By Matt Griffiths, SVP of Technology, Audigent, a part of Experian
Over the past year, programmatic’s center of gravity has shifted from cookie deprecation workarounds to a new promise: agentic AI that can plan, activate and optimize media with minimal human intervention.
But most of what’s currently labeled “agentic” is workflow automation. Large language models translate briefs into structured inputs. APIs move instructions between systems. Emerging standards like AdCP aim to formalize how agents communicate with platforms.
That’s orchestration.
Autonomy, particularly at the auction level, is something else entirely.
In real-time bidding, decisions are made in milliseconds. The agent can only evaluate what it can see in that moment. And today, much of the industry’s signal arrives too late, travels through too many hops or gets diluted along the way.
If agentic AI is going to meaningfully change programmatic performance, the signal layer has to change with it.
The Auction Is Still The Bottleneck
Agentic systems compress planning and activation cycles from weeks to minutes. But the auction has not changed. It still operates under strict latency constraints, and the value of data decays rapidly inside that window.
When enrichment happens upstream or after the fact, agents optimize against partial information. They rely on proxies instead of outcomes.
Consider a retail advertiser optimizing toward in-store sales. If contextual meaning, behavioral intent or first-party intelligence is appended outside the bid window, the agent evaluates a simplified version of value. Move that enrichment closer to the auction itself, and the system can price the impression based on richer, real-time signal instead of historical approximations.
Speed without proximity to signal just accelerates the wrong decisions.
Signal Quality Determines Autonomy
Agentic buying is often framed as a modeling problem. In practice, it’s a signal problem.

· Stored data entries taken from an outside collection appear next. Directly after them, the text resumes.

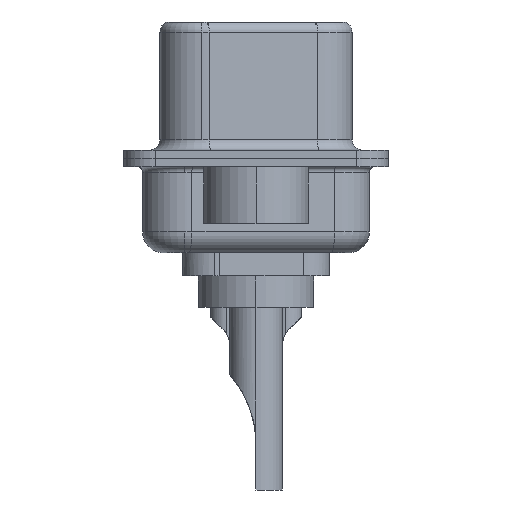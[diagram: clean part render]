
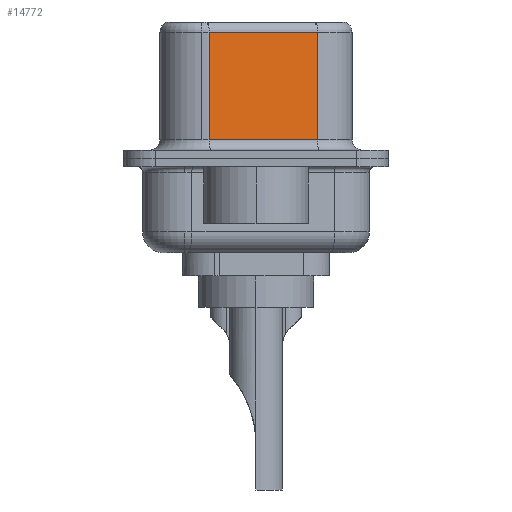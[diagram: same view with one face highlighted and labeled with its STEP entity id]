
A CAD part, left-side view. The second image highlights one B-rep face of the part: STEP entity #14772.
In plain terms, the highlighted planar face has unit normal (-0.985, -0.174, 0).
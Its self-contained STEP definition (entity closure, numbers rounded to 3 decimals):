
#152 = ORIENTED_EDGE ( 'NONE', *, *, #20065, .T. ) ;
#688 = VERTEX_POINT ( 'NONE', #13694 ) ;
#1493 = FACE_OUTER_BOUND ( 'NONE', #23155, .T. ) ;
#1630 = DIRECTION ( 'NONE',  ( 0., 0., -1. ) ) ;
#3478 = CARTESIAN_POINT ( 'NONE',  ( 4.58, -2.927, 0.9 ) ) ;
#3789 = DIRECTION ( 'NONE',  ( 0.985, 0.174, 0. ) ) ;
#3851 = DIRECTION ( 'NONE',  ( -0.174, 0.985, 0. ) ) ;
#4731 = LINE ( 'NONE', #11404, #24285 ) ;
#6926 = CARTESIAN_POINT ( 'NONE',  ( 4.58, -2.927, 6.02 ) ) ;
#7129 = VECTOR ( 'NONE', #20602, 1000. ) ;
#8482 = VECTOR ( 'NONE', #18957, 1000. ) ;
#9190 = EDGE_CURVE ( 'NONE', #13322, #20187, #4731, .T. ) ;
#11015 = VERTEX_POINT ( 'NONE', #18973 ) ;
#11404 = CARTESIAN_POINT ( 'NONE',  ( 4.58, -2.927, 6.02 ) ) ;
#12174 = LINE ( 'NONE', #3478, #7129 ) ;
#12758 = ORIENTED_EDGE ( 'NONE', *, *, #22637, .T. ) ;
#13322 = VERTEX_POINT ( 'NONE', #6926 ) ;
#13694 = CARTESIAN_POINT ( 'NONE',  ( 4.58, -2.927, 0.9 ) ) ;
#14078 = AXIS2_PLACEMENT_3D ( 'NONE', #14744, #3789, #17021 ) ;
#14744 = CARTESIAN_POINT ( 'NONE',  ( 4.58, -2.927, 6.52 ) ) ;
#14772 = ADVANCED_FACE ( 'NONE', ( #1493 ), #15156, .F. ) ;
#15156 = PLANE ( 'NONE',  #14078 ) ;
#17021 = DIRECTION ( 'NONE',  ( -0.174, 0.985, 0. ) ) ;
#17061 = CARTESIAN_POINT ( 'NONE',  ( 4.58, -2.927, 6.52 ) ) ;
#18717 = LINE ( 'NONE', #24357, #24388 ) ;
#18957 = DIRECTION ( 'NONE',  ( 0., 0., -1. ) ) ;
#18973 = CARTESIAN_POINT ( 'NONE',  ( 3.67, 2.233, 0.9 ) ) ;
#19021 = ORIENTED_EDGE ( 'NONE', *, *, #24240, .F. ) ;
#20065 = EDGE_CURVE ( 'NONE', #20187, #11015, #18717, .T. ) ;
#20187 = VERTEX_POINT ( 'NONE', #22666 ) ;
#20602 = DIRECTION ( 'NONE',  ( 0.174, -0.985, 0. ) ) ;
#22637 = EDGE_CURVE ( 'NONE', #11015, #688, #12174, .T. ) ;
#22666 = CARTESIAN_POINT ( 'NONE',  ( 3.67, 2.233, 6.02 ) ) ;
#23155 = EDGE_LOOP ( 'NONE', ( #19021, #23244, #152, #12758 ) ) ;
#23244 = ORIENTED_EDGE ( 'NONE', *, *, #9190, .T. ) ;
#23594 = LINE ( 'NONE', #17061, #8482 ) ;
#24240 = EDGE_CURVE ( 'NONE', #13322, #688, #23594, .T. ) ;
#24285 = VECTOR ( 'NONE', #3851, 1000. ) ;
#24357 = CARTESIAN_POINT ( 'NONE',  ( 3.67, 2.233, 6.52 ) ) ;
#24388 = VECTOR ( 'NONE', #1630, 1000. ) ;

Models require inputs that are timely, interpretable and aligned to real outcomes. Every additional handoff in the enrichment chain increases the risk of latency, mismatch or signal loss. By the time data reaches the decision point, its fidelity may already be compromised.
Real-time data enrichment moves contextual and first-party intelligence closer to the moment of transaction. Page-level meaning, live behavioral indicators and environmental factors like weather or seasonality can be evaluated within the auction rather than bolted on later.
That doesn’t just make the pipes faster. It upgrades what flows through them.
If the goal of agentic systems is auction-time autonomy, then signal quality at the moment of bidding becomes the gating factor.
Sovereignty Is Now A Performance Variable
As activation becomes more automated, first-party data becomes more valuable and more exposed.
Many legacy workflows still require brands to pass data through multiple intermediaries before it becomes actionable. Each hop introduces governance complexity and increases risk. In a world where AI agents can trigger activation instantly, brands will not scale adoption unless they trust the chain of custody.
Data sovereignty is often discussed as a compliance issue. Increasingly, it’s a performance issue. If brands restrict activation because of exposure concerns, agentic systems simply won’t have the inputs they need.
Reducing transfers and tightening control over enrichment isn’t just about risk mitigation. It’s about unlocking participation in automated buying at scale.
Standardizing Agents Isn’t Enough
The industry is making progress on standardizing how agents communicate with platforms. That’s an important step.
But protocol standardization alone doesn’t solve the core issue: agents are only as effective as the signals they can access in real time.
Without modernizing the enrichment layer, agentic programmatic risks becoming a faster orchestration engine optimizing on yesterday’s data.
The next phase of programmatic competition won’t be decided by who builds the most elegant AI interface. It will be decided by who controls and delivers the highest-quality signal at the moment of auction.
Agentic AI will change how media is executed. Whether it materially improves outcomes depends on something less glamorous but more fundamental: the infrastructure that feeds it.
If the signal layer remains fragmented and delayed, autonomy will stall. If enrichment moves closer to the transaction, agents can finally optimize against real value instead of proxies.
The models are ready. The auction mechanics are not.